Filters for Aquatic Caudates

by Jennifer Macke

This is one of the many areas where pet shop employees, even those that know a lot about fish, may have difficulty giving advice. Caudate tank setups are not exactly the same as fish setups, and the filtration method needs to be correct for the needs of the animal. In particular, larvae tanks and shallow setups create special filtration problems.


Three types of filtration

There are three basic forms of "filtration." Different filters provide these kinds of filtration to varying degrees.
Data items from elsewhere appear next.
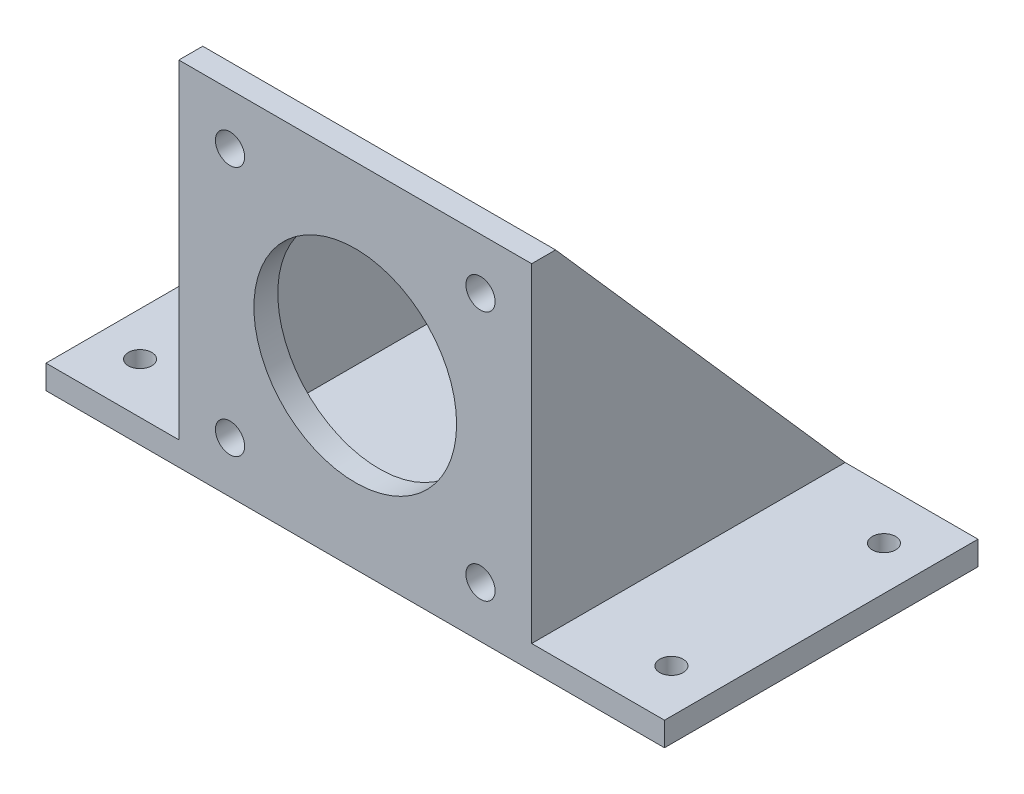
ISO-10303-21;
HEADER;
FILE_DESCRIPTION(('STEP AP214'),'2;1');
FILE_NAME('part.step','',(''),(''),'','','');
FILE_SCHEMA(('AUTOMOTIVE_DESIGN { 1 0 10303 214 1 1 1 1 }'));
ENDSEC;
DATA;
#1=APPLICATION_CONTEXT('core data for automotive mechanical design processes');
#2=APPLICATION_PROTOCOL_DEFINITION('international standard','automotive_design',2000,#1);
#3=PRODUCT_CONTEXT('',#1,'mechanical');
#4=PRODUCT('Part','Part','',(#3));
#5=PRODUCT_RELATED_PRODUCT_CATEGORY('part','',(#4));
#6=PRODUCT_DEFINITION_FORMATION('','',#4);
#7=PRODUCT_DEFINITION_CONTEXT('part definition',#1,'design');
#8=PRODUCT_DEFINITION('design','',#6,#7);
#9=PRODUCT_DEFINITION_SHAPE('','',#8);
#10=(LENGTH_UNIT() NAMED_UNIT(*) SI_UNIT(.MILLI.,.METRE.));
#11=(NAMED_UNIT(*) PLANE_ANGLE_UNIT() SI_UNIT($,.RADIAN.));
#12=(NAMED_UNIT(*) SI_UNIT($,.STERADIAN.) SOLID_ANGLE_UNIT());
#13=UNCERTAINTY_MEASURE_WITH_UNIT(LENGTH_MEASURE(1.E-05),#10,'distance_accuracy_value','');
#14=(GEOMETRIC_REPRESENTATION_CONTEXT(3) GLOBAL_UNCERTAINTY_ASSIGNED_CONTEXT((#13)) GLOBAL_UNIT_ASSIGNED_CONTEXT((#10,
#11,#12)) REPRESENTATION_CONTEXT('',''));
#15=CARTESIAN_POINT('',(0.,0.,0.));
#16=DIRECTION('',(0.,0.,1.));
#17=DIRECTION('',(1.,0.,0.));
#18=AXIS2_PLACEMENT_3D('',#15,#16,#17);
#19=CARTESIAN_POINT('',(0.,0.,59.));
#20=DIRECTION('',(1.,0.,0.));
#21=DIRECTION('',(0.,0.,-1.));
#22=AXIS2_PLACEMENT_3D('',#19,#20,#21);
#23=PLANE('',#22);
#24=DIRECTION('',(0.,-0.750545118423435,-0.66081920765876));
#25=VECTOR('',#24,1.);
#26=CARTESIAN_POINT('',(0.,66.4,54.5));
#27=LINE('',#26,#25);
#28=CARTESIAN_POINT('',(0.,66.4,54.5));
#29=VERTEX_POINT('',#28);
#30=CARTESIAN_POINT('',(0.,4.5,0.));
#31=VERTEX_POINT('',#30);
#32=EDGE_CURVE('E169',#29,#31,#27,.T.);
#33=ORIENTED_EDGE('',*,*,#32,.T.);
#34=DIRECTION('',(0.,0.,1.));
#35=VECTOR('',#34,1.);
#36=CARTESIAN_POINT('',(0.,4.5,59.));
#37=LINE('',#36,#35);
#38=CARTESIAN_POINT('',(0.,4.5,59.));
#39=VERTEX_POINT('',#38);
#40=EDGE_CURVE('E165',#31,#39,#37,.T.);
#41=ORIENTED_EDGE('',*,*,#40,.T.);
#42=DIRECTION('',(0.,-1.,0.));
#43=VECTOR('',#42,1.);
#44=CARTESIAN_POINT('',(0.,0.,59.));
#45=LINE('',#44,#43);
#46=CARTESIAN_POINT('',(0.,66.4,59.));
#47=VERTEX_POINT('',#46);
#48=EDGE_CURVE('E233',#47,#39,#45,.T.);
#49=ORIENTED_EDGE('',*,*,#48,.F.);
#50=DIRECTION('',(0.,0.,-1.));
#51=VECTOR('',#50,1.);
#52=CARTESIAN_POINT('',(0.,66.4,59.));
#53=LINE('',#52,#51);
#54=EDGE_CURVE('E40',#47,#29,#53,.T.);
#55=ORIENTED_EDGE('',*,*,#54,.T.);
#56=EDGE_LOOP('',(#33,#41,#49,#55));
#57=FACE_BOUND('',#56,.T.);
#58=ADVANCED_FACE('F32',(#57),#23,.F.);
#59=CARTESIAN_POINT('',(0.,0.,59.));
#60=DIRECTION('',(0.,1.,0.));
#61=DIRECTION('',(0.,0.,1.));
#62=AXIS2_PLACEMENT_3D('',#59,#60,#61);
#63=PLANE('',#62);
#64=CARTESIAN_POINT('',(83.2,0.,9.49999999999998));
#65=DIRECTION('',(0.,1.,0.));
#66=DIRECTION('',(0.,0.,1.));
#67=AXIS2_PLACEMENT_3D('',#64,#65,#66);
#68=CIRCLE('',#67,2.2);
#69=CARTESIAN_POINT('',(83.2,0.,11.7));
#70=VERTEX_POINT('',#69);
#71=EDGE_CURVE('E462',#70,#70,#68,.T.);
#72=ORIENTED_EDGE('',*,*,#71,.T.);
#73=EDGE_LOOP('',(#72));
#74=FACE_BOUND('',#73,.T.);
#75=CARTESIAN_POINT('',(83.2,0.,49.5));
#76=DIRECTION('',(0.,1.,0.));
#77=DIRECTION('',(0.,0.,1.));
#78=AXIS2_PLACEMENT_3D('',#75,#76,#77);
#79=CIRCLE('',#78,2.2);
#80=CARTESIAN_POINT('',(83.2,0.,51.7));
#81=VERTEX_POINT('',#80);
#82=EDGE_CURVE('E470',#81,#81,#79,.T.);
#83=ORIENTED_EDGE('',*,*,#82,.T.);
#84=EDGE_LOOP('',(#83));
#85=FACE_BOUND('',#84,.T.);
#86=CARTESIAN_POINT('',(-16.8,0.,49.5));
#87=DIRECTION('',(0.,1.,0.));
#88=DIRECTION('',(0.,0.,1.));
#89=AXIS2_PLACEMENT_3D('',#86,#87,#88);
#90=CIRCLE('',#89,2.2);
#91=CARTESIAN_POINT('',(-16.8,0.,51.7));
#92=VERTEX_POINT('',#91);
#93=EDGE_CURVE('E476',#92,#92,#90,.T.);
#94=ORIENTED_EDGE('',*,*,#93,.T.);
#95=EDGE_LOOP('',(#94));
#96=FACE_BOUND('',#95,.T.);
#97=CARTESIAN_POINT('',(-16.8,0.,9.49999999999998));
#98=DIRECTION('',(0.,1.,0.));
#99=DIRECTION('',(0.,0.,1.));
#100=AXIS2_PLACEMENT_3D('',#97,#98,#99);
#101=CIRCLE('',#100,2.2);
#102=CARTESIAN_POINT('',(-16.8,0.,11.7));
#103=VERTEX_POINT('',#102);
#104=EDGE_CURVE('E157',#103,#103,#101,.T.);
#105=ORIENTED_EDGE('',*,*,#104,.T.);
#106=EDGE_LOOP('',(#105));
#107=FACE_BOUND('',#106,.T.);
#108=DIRECTION('',(1.,0.,0.));
#109=VECTOR('',#108,1.);
#110=CARTESIAN_POINT('',(0.,0.,0.));
#111=LINE('',#110,#109);
#112=CARTESIAN_POINT('',(-25.,0.,0.));
#113=VERTEX_POINT('',#112);
#114=CARTESIAN_POINT('',(91.4,0.,0.));
#115=VERTEX_POINT('',#114);
#116=EDGE_CURVE('E232',#113,#115,#111,.T.);
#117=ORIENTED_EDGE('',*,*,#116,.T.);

  • Mechanical Filtration – the trapping of debris. This is the most obvious purpose of most aquarium filters.
  • Chemical Filtration – the chemical destruction of toxic substances. This is the role of activated filter charcoal, which absorbs metals and some organic toxins.
  • Biological Filtration – the breakdown of toxic waste products (ammonia) into non-toxic form (nitrate). This process is performed by bacteria, and these bacteria are assisted to varying extents by different kinds of filters. This is probably the most important, but most often overlooked, kind of filtration. No amount of mechanical filtration can substitute for a healthy biofilter. For more information, see Water Quality.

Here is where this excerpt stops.